In some figures you would like to show some descriptive numbers, for example the average age of your participants. Let's another bit of code already calculated that for you to be 22.8333333333... (they are all university students), but here we'll just assign it manually:
```{r mean_age}
mean_age <- 22.833333333333333333333
```
All those three's should not end up on your figure though, so you decided to limit it to two decimals. You can now use `sprintf()` with the `f%` which stand for fixed point in this case, as you can more or less fix where the decimal point ends up:
```{r pretty_mean_age}
sprintf('mean age: %.2f', mean_age)
```
# Lists
Lists also store a sequence of variables, but in a list, they don't need to be of the same type, and unlike vectors, lists can store very complex variables, such as matrices or data frames (see the next tutorial).

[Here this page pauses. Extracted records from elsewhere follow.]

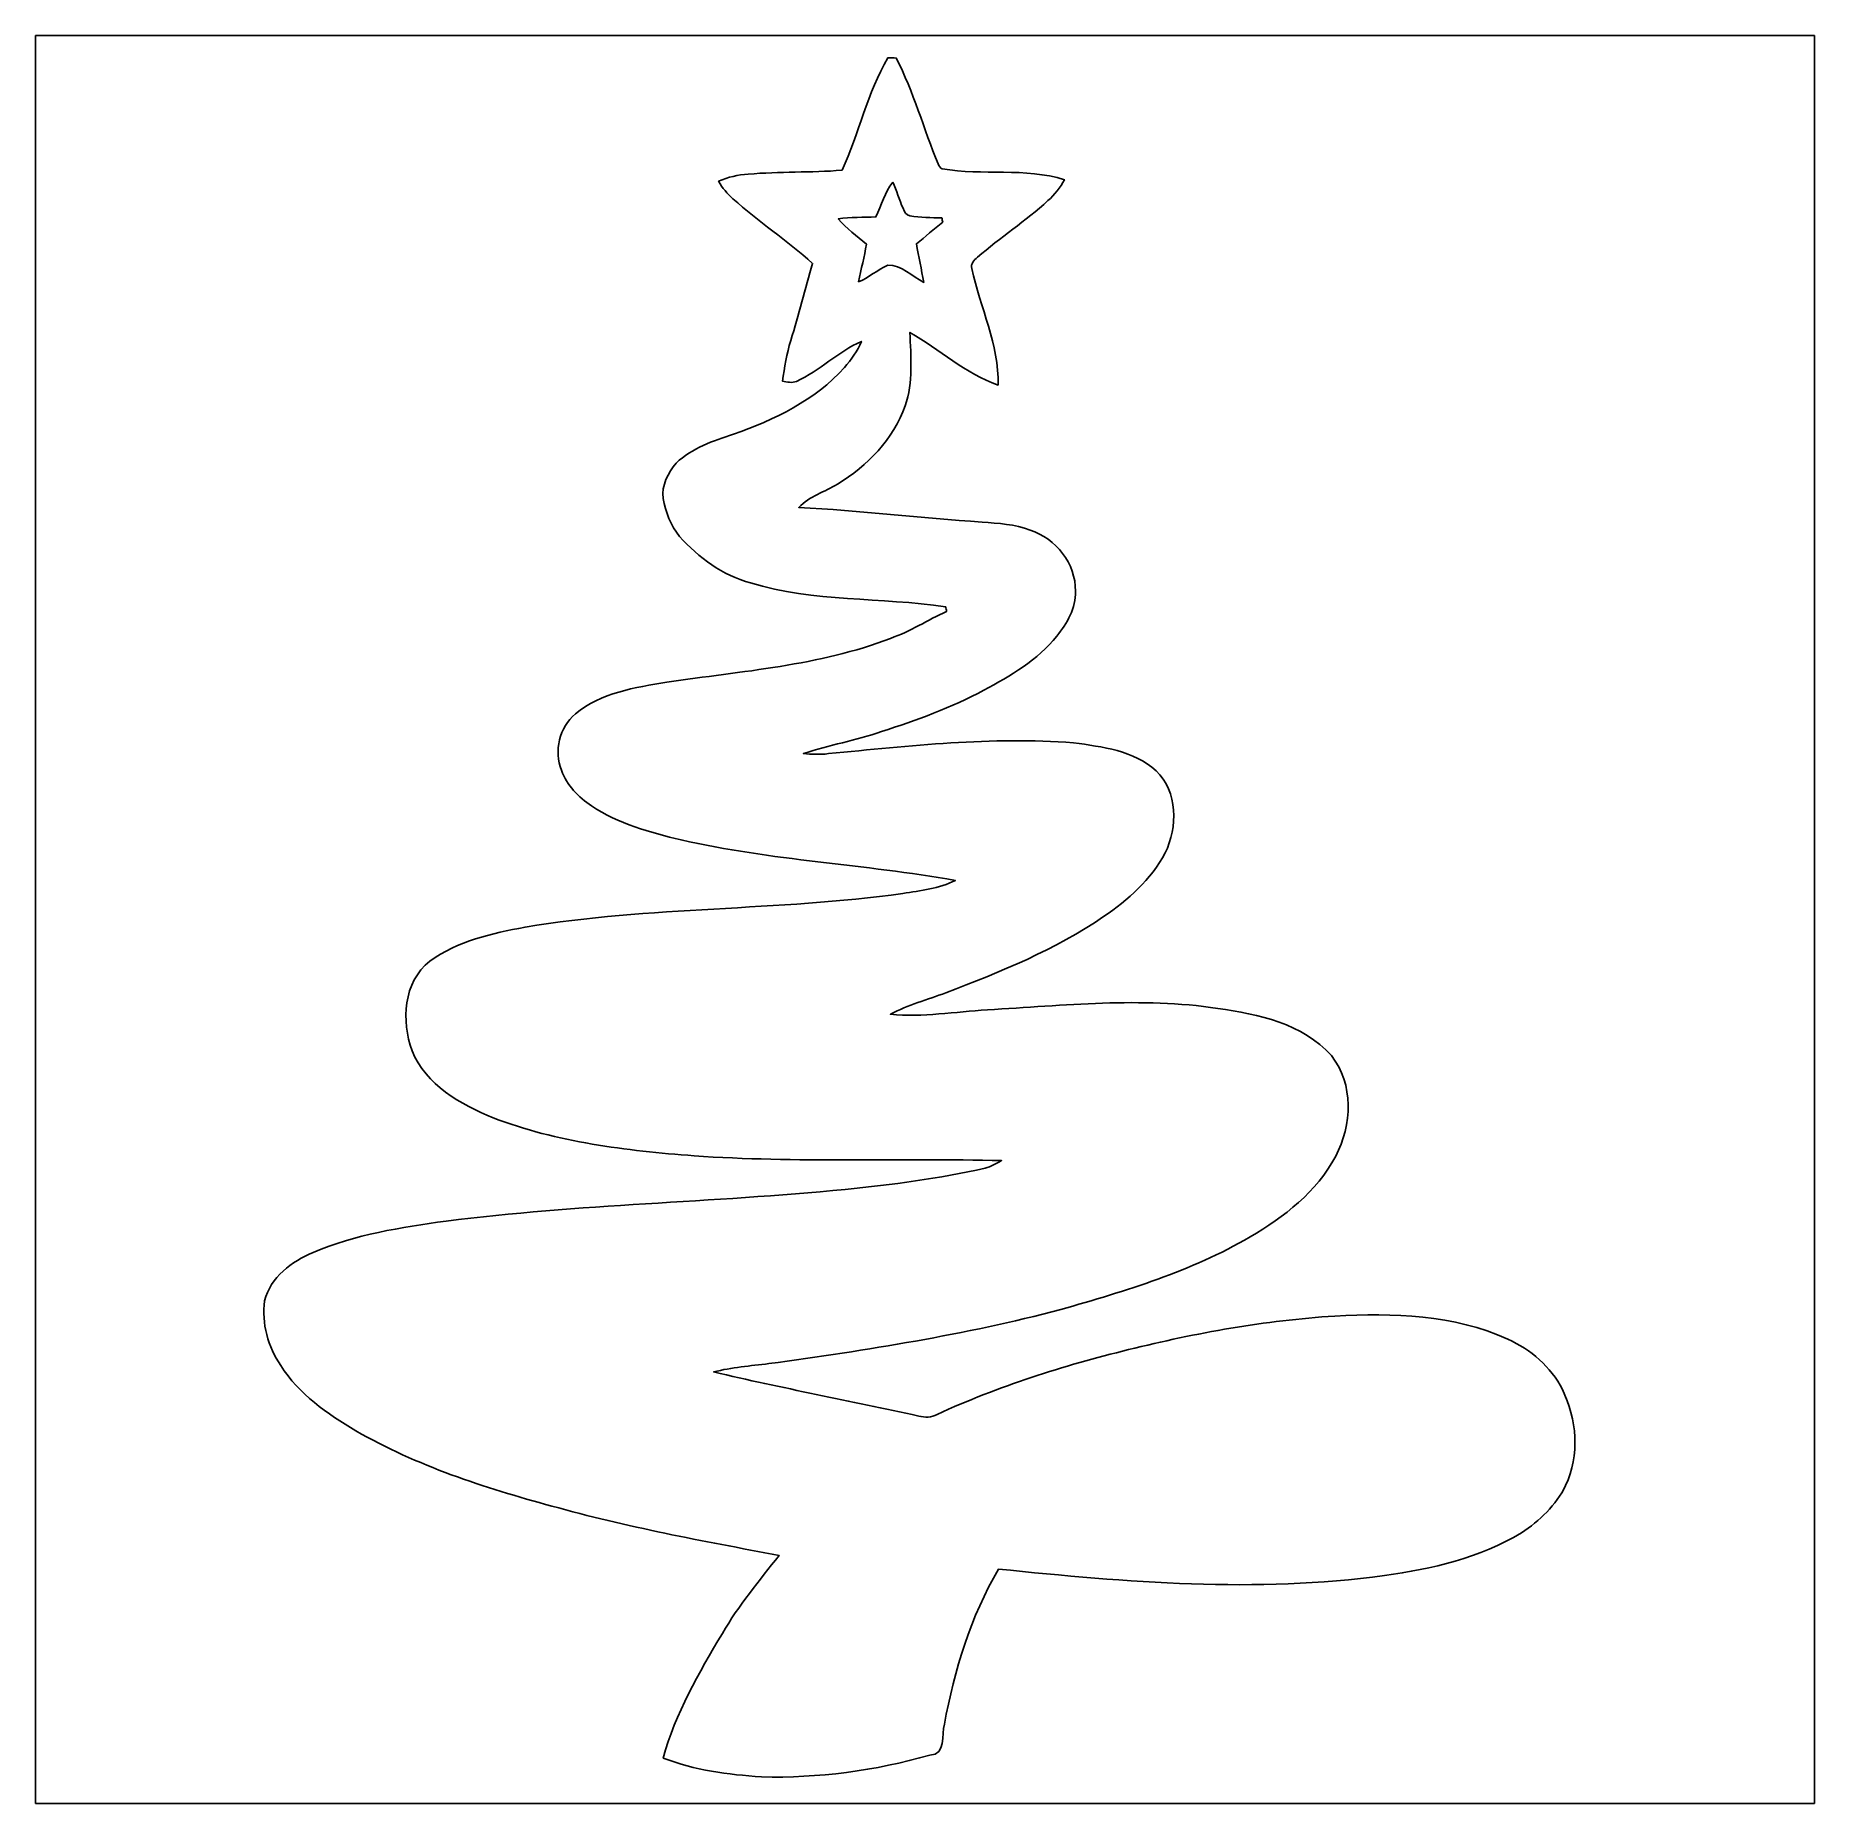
# Model space of a CAD drawing. Header units: centimetres. Extents: x -16.8 to 16.8, y -16.7 to 16.7.
import ezdxf

# ---------------------------------------------------------------- set-up
doc = ezdxf.new("R2010")
doc.units = ezdxf.units.CM
doc.header["$MEASUREMENT"] = 0
doc.layers.add('Layer 1', color=7, linetype='Continuous')

msp = doc.modelspace()

# ---------------------------------------------------------------- linework, layer by layer
at = {"layer": 'Layer 1', "color": 7}
for points, knots in [([(-16.77458, 16.66875), (-16.77458, 16.66875), (16.77458, 16.66875), (16.77458, 16.66875), (16.77458, 16.66875), (16.77458, 16.66875), (16.77458, -16.66875), (16.77458, -16.66875), (16.77458, -16.66875), (16.77458, -16.66875), (-16.77458, -16.66875), (-16.77458, -16.66875), (-16.77458, -16.66875), (-16.77458, -16.66875), (-16.77458, 16.66875), (-16.77458, 16.66875), (-16.77458, 16.66875), (-16.77458, 16.66875), (-16.77458, 16.66875), (-16.77458, 16.66875)], [0, 0, 0, 0, 0.16666667, 0.16666667, 0.16666667, 0.16666667, 0.33333333, 0.33333333, 0.33333333, 0.33333333, 0.5, 0.5, 0.5, 0.5, 0.66666667, 0.66666667, 0.66666667, 0.66666667, 1, 1, 1, 1]), ([(-0.69885, 16.25106), (-1.0855, 15.58749), (-1.24601, 14.82513), (-1.56281, 14.12981), (-1.56281, 14.12981), (-2.15194, 14.08183), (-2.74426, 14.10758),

Here is a basic example of a list:
```{r}
a_list <- list(4, 'number')
a_list
```
## List indexing
Notice that the output is different: it uses double square brackets. These are also necessary when retrieving a single element from the list, instead of a list with a single element. Fix this chunk of code to show `[1] "number"` only, so the second element of the list without the `[[1]]` on the first line:
```{r}
a_list[2]
```
You see that each line on the output with actual values starts with `[1]` which suggests that we could store multiple values in every list element. And that is true!
We can store the vectors of X and Y coordinates from before in one list:
```{r}
coordinates <- list(posX100, posY100)
coordinates
```
## Named elements
But how can we tell which are the X and which are the Y coordinates? You might argue that X coordinates always come first, but perhaps this should be represented more clearly. Luckily, in both vectors and lists, you can also name the elements.
```{r}
coordinates <- list('X'=posX100, 'Y'=posY100)
coordinates
```
You should notice that instead of `[[1]]` and `[[2]]` we now see `$X` and `$Y`. Of course, you can still use indices to retrieve elements from the list, but now, we can also use names. To show the benefits of this, you need two chunks of code. In this first chunk you shuffle the order in which the X and Y coordinates are put in the list, to emulate a sloppy coders (aren't we all?).
```{r}
order <- sample(c(1,2),2)
shuffled_coordinates <- list()
shuffled_coordinates[[names(coordinates)[order[1]]]] <- coordinates[[order[1]]]
shuffled_coordinates[[names(coordinates)[order[2]]]] <- coordinates[[order[2]]]
names(shuffled_coordinates)
```
You can run this chunk a couple of times and notice that sometimes the order is X-Y and sometimes the order is Y-X, depending on chance.
Now change this chunk of code to always return the X coordinates from the shuffled list with coordinates. You can try it a couple of times before changing the chunk: first rerun the chunk above to shuffle the data, and then rerun this chunk. You will see that it just returns the first vector in the list, with no possibility of knowing if it is correct or not.
```{r}
shuffled_coordinates[[1]]
```
So that is the advantage of naming your variables: your code will always work if you keep using names and don't rely on implicit order of variables. Of course, the problem now is to keep using the same variable names in all your data and code, but this is easier and less error-prone than having to use the same index number throughout all your data and code.